If ya got nothing better to do read her blog, she's a true prepper and earth mommy who fills the days with good words and deeds and good smells from the kitchen...

HB

Queen of the Universe- No Credentials Needed


----------



## gypsysue (Mar 27, 2010)

:

... ... I'm having trouble finding words. This is a terrible things that has happened.

I just wanted to  and  when I looked at those pictures. 

There is no fixing that. It'll take years to even begin to recover. The springs might be gone forever.

No $$$ or apologies can repair it. I'm glad the one person was at least truly apologetic about it, but still...

Please, pass on my compassion to her.


----------



## HozayBuck (Jan 27, 2010)

gypsysue said:


> :
> 
> ... ... I'm having trouble finding words. This is a terrible things that has happened.
> 
> ...


Thanks GS,, I'm still so mad and glad I wasn't there I would be sitting in jail right now.. that little "marsh" as she called it was about a 1/4 acre spring that never went dry and was a cold water spring to boot... I pray it wasn't killed, and that with some work can be brought back...

I could hear her heart shattering clear up here, but behind that was a wall of granite that who ever did it will now find looming over them..she never gives up, never quits, and in this case will never forgive.. I truly hope the State gets involved as well as the part of the Fed Gov that oversees wetlands.

Wood ducks had been coming in there so Ward and the boy built wood duck nesting box's which I don't know survived this..

I do know that farmers and ranchers have been fined big bucks for doing less damage to wetlands on their own land, also the 2 separate creeks that flow thru there took a beating but should keep flowing since the water comes from above the area...

I've never been a "greenie" but She has made me care and so now I'm sick to my heart... I really could kill the bastards who did this and it's sad that I'd think this land was worth more then the lives of the gutless swine that did it... but there it is!...


----------



## mosquitomountainman (Jan 25, 2010)

Too bad someone didnt have their brain engaged before doing all this damage.
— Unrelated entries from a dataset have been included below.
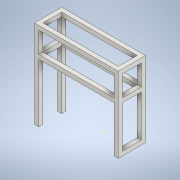
# Autodesk Inventor part: Подлокотник
Saved by Autodesk Inventor 2022 (Build 260153000, 153)
## iProperties
Created: 2021-10-11
Part Number: Подлокотник
Material: Типовые
Document SubType Name: Modeling
Designer: Admin
Density: 1 g/cm^3
Appearance: Сталь
Author: Admin
Autodesk Inventor part; units mm, degrees
ref_plane "YZ Plane" through (0, 0, 0) normal (1, 0, 0) x (0, 1, 0)
ref_plane "XZ Plane" through (0, 0, 0) normal (0, 1, 0) x (-1, 0, 0)
ref_plane "XY Plane" through (0, 0, 0) normal (0, 0, 1) x (1, 0, 0)
sketch "Эскиз1" plane through (0, 0, 0) normal (0, 1, 0) x (-1, 0, 0)
  line L0 (-200, 65) -> (200, 65) construction
  line L1 (200, 65) -> (200, -65) construction
  line L2 (200, -65) -> (-200, -65) construction
  line L3 (-200, -65) -> (-200, 65) construction
  line L4 (-200, 65) -> (200, -65) construction
  line L5 (200, 65) -> (-200, -65) construction
  line L6 (200, 65) -> (180, 65)
  line L7 (180, 65) -> (180, 45)
  line L8 (180, 45) -> (200, 45)
  line L9 (200, 45) -> (200, 65)
  line L10 (200, -65) -> (180, -65)
  line L11 (180, -65) -> (180, -45)
  line L12 (180, -45) -> (200, -45)
  line L13 (200, -45) -> (200, -65)
  line L14 (-200, 65) -> (-180, 65)
  line L15 (-180, 65) -> (-180, 45)
  line L16 (-180, 45) -> (-200, 45)
  line L17 (-200, 45) -> (-200, 65)
  line L18 (-200, -65) -> (-180, -65)
  line L19 (-180, -65) -> (-180, -45)
  line L20 (-180, -45) -> (-200, -45)
  line L21 (-200, -45) -> (-200, -65)
  point P0 (0, 0)
  dimension "d0" = 400
  dimension "d1" = 130
  dimension "d2" = 20
  dimension "d3" = 20
  dimension "d4" = 20
  dimension "d5" = 20
  dimension "d6" = 20
  dimension "d7" = 20
  dimension "d8" = 20
  dimension "d9" = 20
  constraints: 44 end point, 10 parallel, 5 horizontal, 5 perpendicular, 2 midpoint
  measures "d0" distance of L1.end L2.end
  measures "d1" distance of L0.end L1.end
  measures "d2" distance of L8.end L7.end
  measures "d3" distance of L7.end L6.end
  measures "d4" distance of L11.end L12.end
  measures "d5" distance of L10.end L11.end
  measures "d6" distance of L15.end L16.end
  measures "d7" distance of L14.end L15.end
  measures "d8" distance of L20.end L19.end
  measures "d9" distance of L19.end L18.end
extrude "Выдавливание1" add sketch "Эскиз1" along normal blind 400
sketch "Эскиз2" plane through (200, 0, 65) normal (1, 0, 0) x (0, 0, -1)
  line L0 (20, 400) -> (0, 400) projected
  line L1 (0, 400) -> (20, 400)
  line L2 (20, 400) -> (20, 420)
  line L3 (20, 420) -> (0, 420)
  line L4 (0, 420) -> (0, 400)
  line L5 (130, 0) -> (130, 400) projected
  line L6 (130, 400) -> (110, 400)
  line L7 (110, 400) -> (110, 420)
  line L8 (110, 420) -> (130, 420)
  line L9 (130, 420) -> (130, 400)
  line L10 (0, 0) -> (0, 400) projected
  line L11 (0, 280) -> (20, 280)
  line L12 (20, 280) -> (20, 300)
  line L13 (20, 300) -> (0, 300)
  line L14 (0, 300) -> (0, 280)
  line L15 (110, 300) -> (130, 300)
  line L16 (130, 300) -> (130, 280)
  line L17 (130, 280) -> (110, 280)
  line L18 (110, 280) -> (110, 300)
  point P0 (65, 0)
  point P1 (0, 300)
  dimension "d12" = 20
  dimension "d13" = 20
  dimension "d14" = 20
  dimension "d15" = 20
  dimension "d25" = 20
  dimension "d26" = 20
  dimension "d27" = 100
  dimension "d28" = 20
  dimension "d29" = 20
  dimension "d30" = 100
  dimension "d31" = 90
  constraints: 32 end point, 8 parallel, 4 horizontal, 4 perpendicular, 1 point on line
  measures "d12" distance of L3.end L2.end
  measures "d13" distance of L2.end L1.end
  measures "d14" distance of L7.end L8.end
  measures "d15" distance of L6.end L7.end
  measures "d25" distance of L13.end L12.end
  measures "d26" distance of L12.end L11.end
  measures "d27" distance between parallel lines of L13 L0
  measures "d28" distance of L16.end L17.end
  measures "d29" distance of L15.end L16.end
  measures "d30" distance from line of L5.end L15
  measures "d31" distance between parallel lines of L18 L12
extrude "Выдавливание2" add sketch "Эскиз2" against normal blind 400
sketch "Эскиз3" plane through (-200, 420, 65) normal (0, 0, 1) x (1, 0, 0)
  line L0 (0, -420) -> (0, 0) projected
  line L1 (20, -420) -> (20, -20) projected
  line L2 (0, 0) -> (20, 0)
  line L3 (20, 0) -> (20, -20)
  line L4 (20, -20) -> (0, -20)
  line L5 (0, -20) -> (0, 0)
  line L6 (380, -420) -> (380, -20) projected
  line L7 (400, -420) -> (400, 0) projected
  line L8 (380, -20) -> (400, -20)
  line L9 (400, -20) -> (400, 0)
  line L10 (400, 0) -> (380, 0)
  line L11 (380, 0) -> (380, -20)
  line L12 (0, -140) -> (20, -140)
  line L13 (20, -140) -> (20, -120)
  line L14 (20, -120) -> (0, -120)
  line L15 (0, -120) -> (0, -140)
  line L16 (380, -420) -> (380, -20) projected
  line L17 (400, -420) -> (400, 0) projected
  line L18 (380, -140) -> (400, -140)
  line L19 (400, -140) -> (400, -120)
  line L20 (400, -120) -> (380, -120)
  line L21 (380, -120) -> (380, -140)
  point P0 (200, -420)
  point P1 (20, -120)
  point P2 (0, -120)
  point P3 (20, -140)
  dimension "d20" = 20
  dimension "d21" = 20
  dimension "d22" = 100
  dimension "d23" = 100
  dimension "d24" = 20
  constraints: 32 end point, 8 parallel, 4 horizontal, 4 perpendicular, 3 point on line
  measures "d20" distance of L14.end L13.end
  measures "d21" distance of L13.end L12.end
  measures "d22" distance between parallel lines of L14 L4
  measures "d23" distance between parallel lines of L8 L20
  measures "d24" distance between parallel lines of L18 L20
extrude "Выдавливание3" add sketch "Эскиз3" against normal blind 130 contours L0 L14 L1 L12 | L0 L2 L3 L4 | L6 L20 L7 L18 | L11 L10 L7 L8
sketch "Эскиз4" plane through (200, 420, -65) normal (0, 0, -1) x (-1, 0, 0)
  point P0 (200, -420)
sketch "Эскиз7" plane through (0, 0, 0) normal (0, -1, 0) x (1, 0, 0)
  line L0 (232.9472, 106.3053) -> (134.9615, 106.3053)
  line L1 (134.9615, 106.3053) -> (134.9615, -101.9914)
  line L2 (134.9615, -101.9914) -> (232.9472, -101.9914)
  line L3 (232.9472, -101.9914) -> (232.9472, 106.3053)
  point P0 (0, 0)
  constraints: 8 end point, 2 parallel, 1 horizontal, 1 perpendicular
extrude "Выдавливание5" cut sketch "Эскиз7" against normal blind 80
sketch "Эскиз9" plane through (0, 0, 0) normal (0, 0, 1) x (1, 0, 0)
  line L0 (200, 80) -> (180, 80) projected
  line L1 (200, 80) -> (180, 80)
  line L2 (180, 80) -> (180, 60)
  line L3 (180, 60) -> (200, 60)
  line L4 (200, 60) -> (200, 80)
  point P0 (0, 0)
  dimension "d45" = 20
  dimension "d46" = 20
  constraints: 8 end point, 2 parallel, 1 horizontal, 1 perpendicular
  measures "d45" distance of L3.end L2.end
  measures "d46" distance of L2.end L1.end
extrude "Выдавливание6" add sketch "Эскиз9" along normal mid plane 130
sketch "Эскиз11" plane through (180, 60, 65) normal (0, -1, 0) x (1, 0, 0)
  line L0 (0, -20) -> (20, -20) projected
  line L1 (20, -110) -> (0, -110) projected
  point P0 (-180, -65)
  point P1 (10, -20)
  point P2 (10, -110)
  constraints: 2 midpoint
hole "Отверстие3" at (190, 60, 45) at (190, 60, -45) direction (0, 1, 0) diameter 5 depth 5

Sock it too 'em from every direction you can. There's no excuse for what they did.


----------



## UncleJoe (Jan 11, 2009)

WHAT A MESS!!! 

If you don't mind  keep us updated.


----------



## HozayBuck (Jan 27, 2010)

A week or so back I posted an article about milking for water, this spring is where I planned to try using the same idea to try and get a good flow with the thought of maybe a small hydro unit.. 

Now.....??? sad...really sad


----------



## NaeKid (Oct 17, 2008)

I just read it ... All I can think of is the sign my buddy put onto his property....

Tresspassers will be shot, survivors will be shot again

Let the Lady of the Manor know that there will probably be a big fight over this, and the electrical company will do whatever they can to "be in the right" and probably use stall tactics - newpapers can help ... It seems to be helping an older couple from my hometown in their battle against the province.


----------



## CVORNurse (Oct 19, 2008)

When I looked at those photos, I WANT BLOOD! 

Sad, so sad. I sure do hope your springs come back.


----------



## OldCootHillbilly (Jul 9, 2010)

Don't agree with what the power company done, but hate ta be the bearer a bad news, there more in likely gonna win cause they got the rights in this instance, those rights came when the lines was installed an er more in likely spelled out in the deed er abstract ta the land.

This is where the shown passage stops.